• [About this exercise]
Nothing but the records themselves, exactly as written and free of pictures, should appear in your response.
■ ■ ■ ■
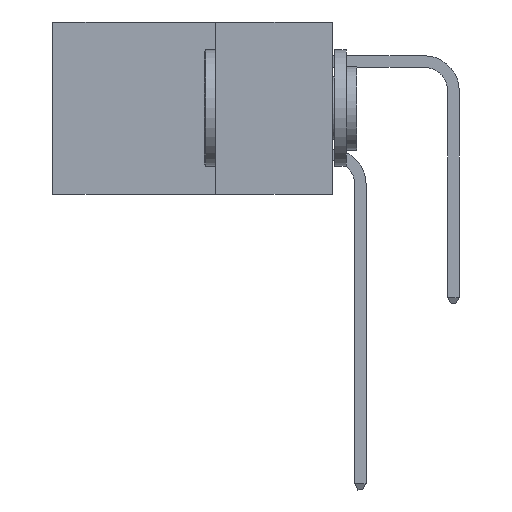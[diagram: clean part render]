
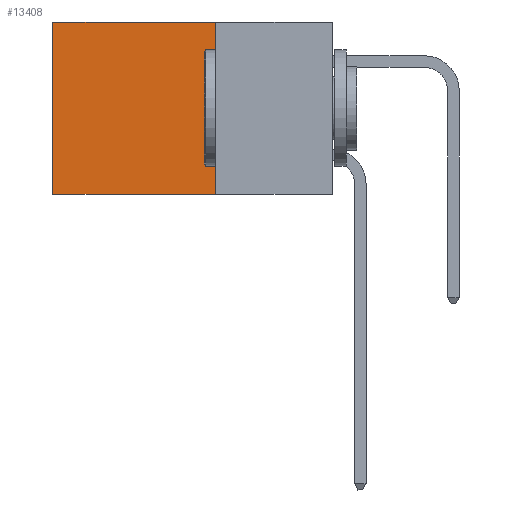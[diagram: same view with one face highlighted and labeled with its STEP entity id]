
A CAD part, left-side view. The second image highlights one B-rep face of the part: STEP entity #13408.
In plain terms, the highlighted planar face has unit normal (-1, 0, 0).
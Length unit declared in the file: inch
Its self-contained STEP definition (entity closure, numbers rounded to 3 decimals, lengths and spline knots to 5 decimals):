
#798 = CARTESIAN_POINT ( 'NONE',  ( 0.2615, 0.25, -0.37 ) ) ;
#1185 = ORIENTED_EDGE ( 'NONE', *, *, #14986, .F. ) ;
#1429 = VECTOR ( 'NONE', #21539, 39.37008 ) ;
#1597 = VERTEX_POINT ( 'NONE', #24706 ) ;
#2135 = CARTESIAN_POINT ( 'NONE',  ( 0.2615, 0.25, 0. ) ) ;
#2845 = LINE ( 'NONE', #19292, #1429 ) ;
#3079 = DIRECTION ( 'NONE',  ( 0., 0., -1. ) ) ;
#3820 = CARTESIAN_POINT ( 'NONE',  ( 0.2615, 0.6, 0. ) ) ;
#5820 = EDGE_LOOP ( 'NONE', ( #13693, #1185, #20173, #20924 ) ) ;
#6456 = VERTEX_POINT ( 'NONE', #2135 ) ;
#6824 = CARTESIAN_POINT ( 'NONE',  ( 0.2615, 0.6, -0.37 ) ) ;
#7378 = LINE ( 'NONE', #15110, #23813 ) ;
#7733 = VERTEX_POINT ( 'NONE', #12904 ) ;
#7917 = EDGE_CURVE ( 'NONE', #12977, #1597, #21128, .T. ) ;
#8343 = EDGE_CURVE ( 'NONE', #6456, #7733, #9901, .T. ) ;
#9901 = LINE ( 'NONE', #23921, #15836 ) ;
#10734 = DIRECTION ( 'NONE',  ( 0., 1., 0. ) ) ;
#12904 = CARTESIAN_POINT ( 'NONE',  ( 0.2615, 0.25, -0.37 ) ) ;
#12977 = VERTEX_POINT ( 'NONE', #3820 ) ;
#13408 = ADVANCED_FACE ( 'NONE', ( #17640 ), #14297, .F. ) ;
#13571 = EDGE_CURVE ( 'NONE', #6456, #12977, #2845, .T. ) ;
#13693 = ORIENTED_EDGE ( 'NONE', *, *, #7917, .T. ) ;
#14297 = PLANE ( 'NONE',  #16151 ) ;
#14986 = EDGE_CURVE ( 'NONE', #7733, #1597, #7378, .T. ) ;
#15110 = CARTESIAN_POINT ( 'NONE',  ( 0.2615, 0.25, -0.37 ) ) ;
#15836 = VECTOR ( 'NONE', #19549, 39.37008 ) ;
#16151 = AXIS2_PLACEMENT_3D ( 'NONE', #798, #16559, #3079 ) ;
#16559 = DIRECTION ( 'NONE',  ( 1., 0., 0. ) ) ;
#17640 = FACE_OUTER_BOUND ( 'NONE', #5820, .T. ) ;
#19292 = CARTESIAN_POINT ( 'NONE',  ( 0.2615, 0.25, 0. ) ) ;
#19549 = DIRECTION ( 'NONE',  ( 0., 0., -1. ) ) ;
#20160 = DIRECTION ( 'NONE',  ( 0., 0., -1. ) ) ;
#20173 = ORIENTED_EDGE ( 'NONE', *, *, #8343, .F. ) ;
#20420 = VECTOR ( 'NONE', #20160, 39.37008 ) ;
#20924 = ORIENTED_EDGE ( 'NONE', *, *, #13571, .T. ) ;
#21128 = LINE ( 'NONE', #6824, #20420 ) ;
#21539 = DIRECTION ( 'NONE',  ( 0., 1., 0. ) ) ;
#23813 = VECTOR ( 'NONE', #10734, 39.37008 ) ;
#23921 = CARTESIAN_POINT ( 'NONE',  ( 0.2615, 0.25, -0.37 ) ) ;
#24706 = CARTESIAN_POINT ( 'NONE',  ( 0.2615, 0.6, -0.37 ) ) ;
■ ■ ■ ■
• [Written reply]
[diagram: clean part render]
[diagram: same view with one face highlighted and labeled with its STEP entity id]
A CAD part, left-side view. The second image highlights one B-rep face of the part: STEP entity #13408.
In plain terms, the highlighted planar face has unit normal (-1, 0, 0).
Length unit declared in the file: inch
Its self-contained STEP definition (entity closure, numbers rounded to 3 decimals, lengths and spline knots to 5 decimals):
#798 = CARTESIAN_POINT ( 'NONE',  ( 0.2615, 0.25, -0.37 ) ) ;
#1185 = ORIENTED_EDGE ( 'NONE', *, *, #14986, .F. ) ;
#1429 = VECTOR ( 'NONE', #21539, 39.37008 ) ;
#1597 = VERTEX_POINT ( 'NONE', #24706 ) ;
#2135 = CARTESIAN_POINT ( 'NONE',  ( 0.2615, 0.25, 0. ) ) ;
#2845 = LINE ( 'NONE', #19292, #1429 ) ;
#3079 = DIRECTION ( 'NONE',  ( 0., 0., -1. ) ) ;
#3820 = CARTESIAN_POINT ( 'NONE',  ( 0.2615, 0.6, 0. ) ) ;
#5820 = EDGE_LOOP ( 'NONE', ( #13693, #1185, #20173, #20924 ) ) ;
#6456 = VERTEX_POINT ( 'NONE', #2135 ) ;
#6824 = CARTESIAN_POINT ( 'NONE',  ( 0.2615, 0.6, -0.37 ) ) ;
#7378 = LINE ( 'NONE', #15110, #23813 ) ;
#7733 = VERTEX_POINT ( 'NONE', #12904 ) ;
#7917 = EDGE_CURVE ( 'NONE', #12977, #1597, #21128, .T. ) ;
#8343 = EDGE_CURVE ( 'NONE', #6456, #7733, #9901, .T. ) ;
#9901 = LINE ( 'NONE', #23921, #15836 ) ;
#10734 = DIRECTION ( 'NONE',  ( 0., 1., 0. ) ) ;
#12904 = CARTESIAN_POINT ( 'NONE',  ( 0.2615, 0.25, -0.37 ) ) ;
#12977 = VERTEX_POINT ( 'NONE', #3820 ) ;
#13408 = ADVANCED_FACE ( 'NONE', ( #17640 ), #14297, .F. ) ;
#13571 = EDGE_CURVE ( 'NONE', #6456, #12977, #2845, .T. ) ;
#13693 = ORIENTED_EDGE ( 'NONE', *, *, #7917, .T. ) ;
#14297 = PLANE ( 'NONE',  #16151 ) ;
#14986 = EDGE_CURVE ( 'NONE', #7733, #1597, #7378, .T. ) ;
#15110 = CARTESIAN_POINT ( 'NONE',  ( 0.2615, 0.25, -0.37 ) ) ;
#15836 = VECTOR ( 'NONE', #19549, 39.37008 ) ;
#16151 = AXIS2_PLACEMENT_3D ( 'NONE', #798, #16559, #3079 ) ;
#16559 = DIRECTION ( 'NONE',  ( 1., 0., 0. ) ) ;
#17640 = FACE_OUTER_BOUND ( 'NONE', #5820, .T. ) ;
#19292 = CARTESIAN_POINT ( 'NONE',  ( 0.2615, 0.25, 0. ) ) ;
#19549 = DIRECTION ( 'NONE',  ( 0., 0., -1. ) ) ;
#20160 = DIRECTION ( 'NONE',  ( 0., 0., -1. ) ) ;
#20173 = ORIENTED_EDGE ( 'NONE', *, *, #8343, .F. ) ;
#20420 = VECTOR ( 'NONE', #20160, 39.37008 ) ;
#20924 = ORIENTED_EDGE ( 'NONE', *, *, #13571, .T. ) ;
#21128 = LINE ( 'NONE', #6824, #20420 ) ;
#21539 = DIRECTION ( 'NONE',  ( 0., 1., 0. ) ) ;
#23813 = VECTOR ( 'NONE', #10734, 39.37008 ) ;
#23921 = CARTESIAN_POINT ( 'NONE',  ( 0.2615, 0.25, -0.37 ) ) ;
#24706 = CARTESIAN_POINT ( 'NONE',  ( 0.2615, 0.6, -0.37 ) ) ;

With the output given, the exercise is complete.